**EXERCISE DESCRIPTION**
Copy word for word the lines from the start of the records through the line that contains "#22=AXIS2_PLACEMENT_3D('',#19,#20,#21);", both included.
Content starts
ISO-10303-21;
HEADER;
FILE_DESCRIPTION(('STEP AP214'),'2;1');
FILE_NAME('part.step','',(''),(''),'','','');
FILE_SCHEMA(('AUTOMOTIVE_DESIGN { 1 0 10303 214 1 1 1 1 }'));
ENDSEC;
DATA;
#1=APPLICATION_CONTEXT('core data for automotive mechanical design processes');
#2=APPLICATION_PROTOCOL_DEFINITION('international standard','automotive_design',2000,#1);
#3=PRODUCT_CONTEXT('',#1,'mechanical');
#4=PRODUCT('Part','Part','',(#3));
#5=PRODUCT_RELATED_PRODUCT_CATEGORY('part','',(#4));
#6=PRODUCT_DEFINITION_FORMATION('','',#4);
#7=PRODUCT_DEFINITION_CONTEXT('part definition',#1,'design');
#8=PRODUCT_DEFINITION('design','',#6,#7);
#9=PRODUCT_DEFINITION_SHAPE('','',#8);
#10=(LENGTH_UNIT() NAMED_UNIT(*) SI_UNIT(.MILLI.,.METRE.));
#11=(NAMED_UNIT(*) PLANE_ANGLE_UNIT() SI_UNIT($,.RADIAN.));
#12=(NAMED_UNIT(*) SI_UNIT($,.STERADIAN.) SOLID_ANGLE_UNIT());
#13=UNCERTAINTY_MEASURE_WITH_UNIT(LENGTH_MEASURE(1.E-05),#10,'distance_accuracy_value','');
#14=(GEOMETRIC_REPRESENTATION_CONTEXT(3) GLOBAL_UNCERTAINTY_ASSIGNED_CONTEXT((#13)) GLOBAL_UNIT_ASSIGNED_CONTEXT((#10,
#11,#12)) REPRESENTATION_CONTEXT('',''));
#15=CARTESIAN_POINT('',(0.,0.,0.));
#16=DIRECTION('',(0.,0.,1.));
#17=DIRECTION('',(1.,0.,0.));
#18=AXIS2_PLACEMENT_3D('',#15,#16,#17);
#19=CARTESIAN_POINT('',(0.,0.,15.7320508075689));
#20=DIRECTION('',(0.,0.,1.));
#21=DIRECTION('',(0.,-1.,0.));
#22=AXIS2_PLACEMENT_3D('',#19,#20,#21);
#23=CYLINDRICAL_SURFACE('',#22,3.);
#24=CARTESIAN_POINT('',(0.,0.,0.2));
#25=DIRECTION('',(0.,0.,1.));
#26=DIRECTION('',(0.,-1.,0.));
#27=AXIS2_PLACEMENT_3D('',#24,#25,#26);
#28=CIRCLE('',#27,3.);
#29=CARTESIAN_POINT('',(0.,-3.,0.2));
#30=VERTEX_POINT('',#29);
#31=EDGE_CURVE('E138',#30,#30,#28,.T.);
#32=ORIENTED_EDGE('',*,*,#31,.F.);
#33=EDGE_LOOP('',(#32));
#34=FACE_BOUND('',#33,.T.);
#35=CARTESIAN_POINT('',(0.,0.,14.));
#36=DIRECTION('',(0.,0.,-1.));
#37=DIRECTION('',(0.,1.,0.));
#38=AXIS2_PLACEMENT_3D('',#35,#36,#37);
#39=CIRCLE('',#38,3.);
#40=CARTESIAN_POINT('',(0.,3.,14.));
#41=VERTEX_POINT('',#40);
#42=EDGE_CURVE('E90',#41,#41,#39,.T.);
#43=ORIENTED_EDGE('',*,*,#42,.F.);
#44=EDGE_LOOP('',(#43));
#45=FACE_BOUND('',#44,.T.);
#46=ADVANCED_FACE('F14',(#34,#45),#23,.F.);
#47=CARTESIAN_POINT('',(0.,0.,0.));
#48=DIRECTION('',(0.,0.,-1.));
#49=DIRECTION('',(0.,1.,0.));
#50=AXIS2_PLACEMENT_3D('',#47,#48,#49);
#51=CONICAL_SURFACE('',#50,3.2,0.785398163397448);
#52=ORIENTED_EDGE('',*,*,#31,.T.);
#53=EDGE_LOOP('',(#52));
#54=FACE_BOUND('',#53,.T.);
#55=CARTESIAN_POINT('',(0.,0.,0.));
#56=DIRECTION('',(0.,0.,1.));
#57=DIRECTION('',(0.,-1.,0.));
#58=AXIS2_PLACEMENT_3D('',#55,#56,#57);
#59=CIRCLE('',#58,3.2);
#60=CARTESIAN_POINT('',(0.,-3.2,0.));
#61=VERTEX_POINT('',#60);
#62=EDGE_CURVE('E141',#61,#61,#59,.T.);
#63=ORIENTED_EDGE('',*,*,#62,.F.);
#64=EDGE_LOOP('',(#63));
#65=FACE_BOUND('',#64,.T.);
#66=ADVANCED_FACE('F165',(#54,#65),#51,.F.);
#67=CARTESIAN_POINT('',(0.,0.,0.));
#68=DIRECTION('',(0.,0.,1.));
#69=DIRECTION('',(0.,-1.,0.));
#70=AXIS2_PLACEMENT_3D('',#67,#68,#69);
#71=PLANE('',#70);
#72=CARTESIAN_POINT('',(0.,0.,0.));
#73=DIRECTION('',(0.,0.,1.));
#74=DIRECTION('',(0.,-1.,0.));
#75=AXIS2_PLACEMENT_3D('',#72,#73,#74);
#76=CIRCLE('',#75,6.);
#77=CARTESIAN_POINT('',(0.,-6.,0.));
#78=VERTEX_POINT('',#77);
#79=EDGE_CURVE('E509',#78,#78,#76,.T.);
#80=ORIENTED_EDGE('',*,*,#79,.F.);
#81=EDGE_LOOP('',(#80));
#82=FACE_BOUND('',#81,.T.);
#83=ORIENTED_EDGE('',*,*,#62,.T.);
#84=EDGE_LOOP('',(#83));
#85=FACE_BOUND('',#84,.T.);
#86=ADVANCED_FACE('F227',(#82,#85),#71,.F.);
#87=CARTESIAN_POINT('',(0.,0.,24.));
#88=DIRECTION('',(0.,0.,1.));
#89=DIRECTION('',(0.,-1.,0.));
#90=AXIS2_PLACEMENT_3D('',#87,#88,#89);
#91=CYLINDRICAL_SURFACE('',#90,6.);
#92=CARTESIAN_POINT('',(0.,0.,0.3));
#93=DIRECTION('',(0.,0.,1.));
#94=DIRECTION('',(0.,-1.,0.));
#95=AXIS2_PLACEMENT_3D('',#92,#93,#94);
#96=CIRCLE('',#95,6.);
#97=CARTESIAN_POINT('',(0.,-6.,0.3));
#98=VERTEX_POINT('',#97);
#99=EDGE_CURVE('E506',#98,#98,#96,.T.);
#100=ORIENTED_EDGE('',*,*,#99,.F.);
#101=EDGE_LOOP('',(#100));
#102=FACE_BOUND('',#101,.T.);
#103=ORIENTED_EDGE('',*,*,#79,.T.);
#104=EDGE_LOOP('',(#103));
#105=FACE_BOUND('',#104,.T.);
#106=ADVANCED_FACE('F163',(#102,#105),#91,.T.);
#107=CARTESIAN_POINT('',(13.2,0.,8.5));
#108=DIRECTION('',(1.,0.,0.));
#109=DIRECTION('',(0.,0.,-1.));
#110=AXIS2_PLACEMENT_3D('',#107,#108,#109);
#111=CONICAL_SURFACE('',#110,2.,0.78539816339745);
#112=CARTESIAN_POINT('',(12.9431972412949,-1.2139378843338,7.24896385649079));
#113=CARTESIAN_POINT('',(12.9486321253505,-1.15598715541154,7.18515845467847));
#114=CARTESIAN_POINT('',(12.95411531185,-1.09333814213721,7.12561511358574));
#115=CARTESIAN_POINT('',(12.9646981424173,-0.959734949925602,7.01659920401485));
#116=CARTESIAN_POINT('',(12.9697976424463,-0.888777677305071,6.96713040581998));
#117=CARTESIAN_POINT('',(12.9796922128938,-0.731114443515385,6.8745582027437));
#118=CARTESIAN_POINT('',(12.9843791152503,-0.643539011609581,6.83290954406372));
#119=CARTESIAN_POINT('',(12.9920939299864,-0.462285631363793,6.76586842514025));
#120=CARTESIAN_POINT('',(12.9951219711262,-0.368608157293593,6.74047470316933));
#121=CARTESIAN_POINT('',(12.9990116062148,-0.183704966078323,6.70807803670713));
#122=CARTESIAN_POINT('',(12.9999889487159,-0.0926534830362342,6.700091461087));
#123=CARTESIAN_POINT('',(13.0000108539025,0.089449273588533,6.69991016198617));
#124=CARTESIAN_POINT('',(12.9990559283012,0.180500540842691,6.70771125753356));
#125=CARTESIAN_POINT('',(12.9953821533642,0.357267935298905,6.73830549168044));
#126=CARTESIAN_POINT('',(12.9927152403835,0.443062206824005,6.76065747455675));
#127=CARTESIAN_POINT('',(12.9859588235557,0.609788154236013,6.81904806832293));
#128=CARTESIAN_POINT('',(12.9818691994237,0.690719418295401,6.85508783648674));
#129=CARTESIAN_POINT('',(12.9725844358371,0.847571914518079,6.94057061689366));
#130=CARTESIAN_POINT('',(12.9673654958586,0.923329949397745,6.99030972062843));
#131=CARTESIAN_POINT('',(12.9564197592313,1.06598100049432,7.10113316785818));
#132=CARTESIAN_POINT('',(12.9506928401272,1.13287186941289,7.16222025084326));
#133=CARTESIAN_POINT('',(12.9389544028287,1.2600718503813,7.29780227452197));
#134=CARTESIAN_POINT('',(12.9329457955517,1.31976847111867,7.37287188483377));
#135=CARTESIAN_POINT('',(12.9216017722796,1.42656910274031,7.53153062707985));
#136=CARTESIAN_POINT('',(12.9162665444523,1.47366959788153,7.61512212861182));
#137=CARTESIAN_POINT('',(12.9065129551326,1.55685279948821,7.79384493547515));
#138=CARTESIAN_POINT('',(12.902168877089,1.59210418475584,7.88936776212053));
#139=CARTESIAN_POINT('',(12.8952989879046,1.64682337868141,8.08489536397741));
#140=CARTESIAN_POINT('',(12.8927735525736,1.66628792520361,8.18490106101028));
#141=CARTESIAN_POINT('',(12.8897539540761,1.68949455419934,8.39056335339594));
Content ends
**TASK ANSWER**
ISO-10303-21;
HEADER;
FILE_DESCRIPTION(('STEP AP214'),'2;1');
FILE_NAME('part.step','',(''),(''),'','','');
FILE_SCHEMA(('AUTOMOTIVE_DESIGN { 1 0 10303 214 1 1 1 1 }'));
ENDSEC;
DATA;
#1=APPLICATION_CONTEXT('core data for automotive mechanical design processes');
#2=APPLICATION_PROTOCOL_DEFINITION('international standard','automotive_design',2000,#1);
#3=PRODUCT_CONTEXT('',#1,'mechanical');
#4=PRODUCT('Part','Part','',(#3));
#5=PRODUCT_RELATED_PRODUCT_CATEGORY('part','',(#4));
#6=PRODUCT_DEFINITION_FORMATION('','',#4);
#7=PRODUCT_DEFINITION_CONTEXT('part definition',#1,'design');
#8=PRODUCT_DEFINITION('design','',#6,#7);
#9=PRODUCT_DEFINITION_SHAPE('','',#8);
#10=(LENGTH_UNIT() NAMED_UNIT(*) SI_UNIT(.MILLI.,.METRE.));
#11=(NAMED_UNIT(*) PLANE_ANGLE_UNIT() SI_UNIT($,.RADIAN.));
#12=(NAMED_UNIT(*) SI_UNIT($,.STERADIAN.) SOLID_ANGLE_UNIT());
#13=UNCERTAINTY_MEASURE_WITH_UNIT(LENGTH_MEASURE(1.E-05),#10,'distance_accuracy_value','');
#14=(GEOMETRIC_REPRESENTATION_CONTEXT(3) GLOBAL_UNCERTAINTY_ASSIGNED_CONTEXT((#13)) GLOBAL_UNIT_ASSIGNED_CONTEXT((#10,
#11,#12)) REPRESENTATION_CONTEXT('',''));
#15=CARTESIAN_POINT('',(0.,0.,0.));
#16=DIRECTION('',(0.,0.,1.));
#17=DIRECTION('',(1.,0.,0.));
#18=AXIS2_PLACEMENT_3D('',#15,#16,#17);
#19=CARTESIAN_POINT('',(0.,0.,15.7320508075689));
#20=DIRECTION('',(0.,0.,1.));
#21=DIRECTION('',(0.,-1.,0.));
#22=AXIS2_PLACEMENT_3D('',#19,#20,#21);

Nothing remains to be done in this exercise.